15.3 CLIENT’S REPRESENTATIONS AND WARRANTIES:

The Client represents and warrants that:

  1. It has the necessary authority and rights to provide any materials, information, or access required for the Service provider to perform its obligations.
  2. It will comply with all applicable laws and regulations related to its business and the use of the services provided.
  3. It shall provide timely payments, approvals, decisions, and cooperation necessary for the execution of the services.

16.0       DISPUTE RESOLUTION, JURISDICTION AND GOVERNING LAWS

16.1 The Courts at Gautam Buddha Nagar, Uttar Pradesh, India, shall have the exclusive jurisdiction over all disputes, differences, disagreements, controversies or claims arising under or in relation to this Agreement.

16.2 ARBITRATION:

  1. Any disputes, differences, disagreements, controversies, or claims arising out of or in connection with this Agreement, including any question regarding its existence, validity, interpretation, performance, or termination, shall be settled through mutual discussions and negotiations between the parties.

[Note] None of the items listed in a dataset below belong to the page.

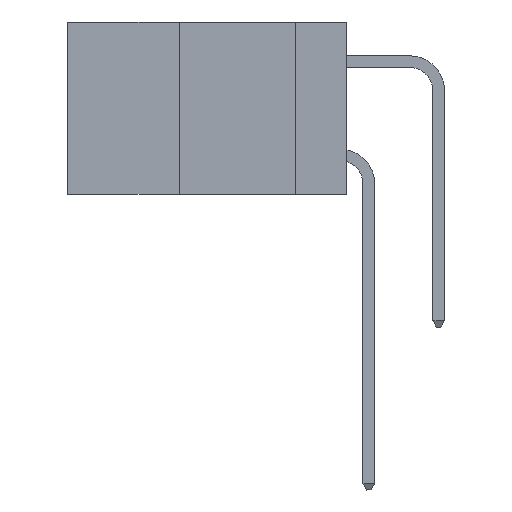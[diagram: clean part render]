
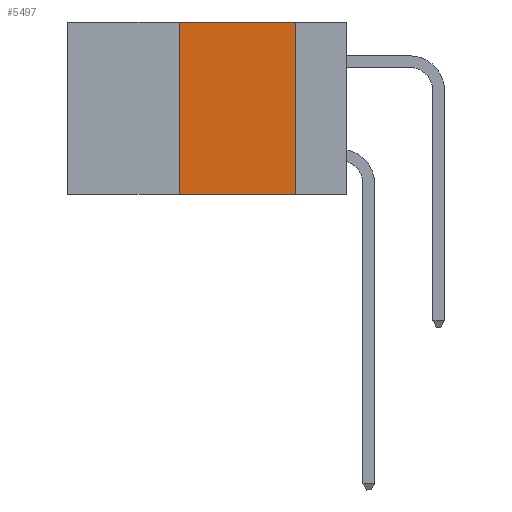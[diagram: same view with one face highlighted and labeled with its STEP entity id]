
A CAD part, left-side view. The second image highlights one B-rep face of the part: STEP entity #5497.
In plain terms, the highlighted planar face has unit normal (-1, 0, 0).
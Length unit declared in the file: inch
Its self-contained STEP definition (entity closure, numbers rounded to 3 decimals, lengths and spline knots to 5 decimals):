
#166 = VERTEX_POINT ( 'NONE', #15187 ) ;
#239 = VERTEX_POINT ( 'NONE', #12116 ) ;
#292 = CARTESIAN_POINT ( 'NONE',  ( 0., 0.6, 0. ) ) ;
#463 = LINE ( 'NONE', #11388, #8194 ) ;
#790 = VECTOR ( 'NONE', #12817, 39.37008 ) ;
#912 = DIRECTION ( 'NONE',  ( 0., -1., 0. ) ) ;
#1252 = EDGE_CURVE ( 'NONE', #15094, #16167, #15634, .T. ) ;
#1595 = DIRECTION ( 'NONE',  ( 0., -1., 0. ) ) ;
#2538 = ORIENTED_EDGE ( 'NONE', *, *, #4967, .T. ) ;
#2617 = EDGE_CURVE ( 'NONE', #166, #15094, #463, .T. ) ;
#4967 = EDGE_CURVE ( 'NONE', #166, #239, #11493, .T. ) ;
#5130 = DIRECTION ( 'NONE',  ( 0., 0., 1. ) ) ;
#5277 = EDGE_CURVE ( 'NONE', #16167, #239, #12697, .T. ) ;
#5310 = FACE_OUTER_BOUND ( 'NONE', #11222, .T. ) ;
#5497 = ADVANCED_FACE ( 'NONE', ( #5310 ), #11300, .F. ) ;
#6273 = CARTESIAN_POINT ( 'NONE',  ( 0., 0.36, 0. ) ) ;
#7028 = CARTESIAN_POINT ( 'NONE',  ( 0., 0.6, -0.37 ) ) ;
#8194 = VECTOR ( 'NONE', #5130, 39.37008 ) ;
#9190 = DIRECTION ( 'NONE',  ( 1., 0., 0. ) ) ;
#11222 = EDGE_LOOP ( 'NONE', ( #12789, #15968, #11846, #2538 ) ) ;
#11300 = PLANE ( 'NONE',  #13304 ) ;
#11360 = CARTESIAN_POINT ( 'NONE',  ( 0., 0.6, 0. ) ) ;
#11388 = CARTESIAN_POINT ( 'NONE',  ( 0., 0.36, 0. ) ) ;
#11493 = LINE ( 'NONE', #7028, #12331 ) ;
#11846 = ORIENTED_EDGE ( 'NONE', *, *, #2617, .F. ) ;
#12116 = CARTESIAN_POINT ( 'NONE',  ( 0., 0.11, -0.37 ) ) ;
#12214 = VECTOR ( 'NONE', #1595, 39.37008 ) ;
#12331 = VECTOR ( 'NONE', #912, 39.37008 ) ;
#12507 = CARTESIAN_POINT ( 'NONE',  ( 0., 0.11, 0. ) ) ;
#12697 = LINE ( 'NONE', #12931, #790 ) ;
#12789 = ORIENTED_EDGE ( 'NONE', *, *, #5277, .F. ) ;
#12817 = DIRECTION ( 'NONE',  ( 0., 0., -1. ) ) ;
#12931 = CARTESIAN_POINT ( 'NONE',  ( 0., 0.11, 0. ) ) ;
#13304 = AXIS2_PLACEMENT_3D ( 'NONE', #11360, #9190, #14205 ) ;
#14205 = DIRECTION ( 'NONE',  ( 0., 0., -1. ) ) ;
#15094 = VERTEX_POINT ( 'NONE', #6273 ) ;
#15187 = CARTESIAN_POINT ( 'NONE',  ( 0., 0.36, -0.37 ) ) ;
#15634 = LINE ( 'NONE', #292, #12214 ) ;
#15968 = ORIENTED_EDGE ( 'NONE', *, *, #1252, .F. ) ;
#16167 = VERTEX_POINT ( 'NONE', #12507 ) ;

If no settlement can be reached through mutual discussion and negotiations between the parties within 30 days of the first written communication of such disputes, differences, disagreements, controversies, or claims from any party, then all such disputes, differences, disagreements, controversies, or claims shall be decided by arbitration in accordance with the provisions of the Arbitration and Conciliation Act, 1996, as amended from time to time.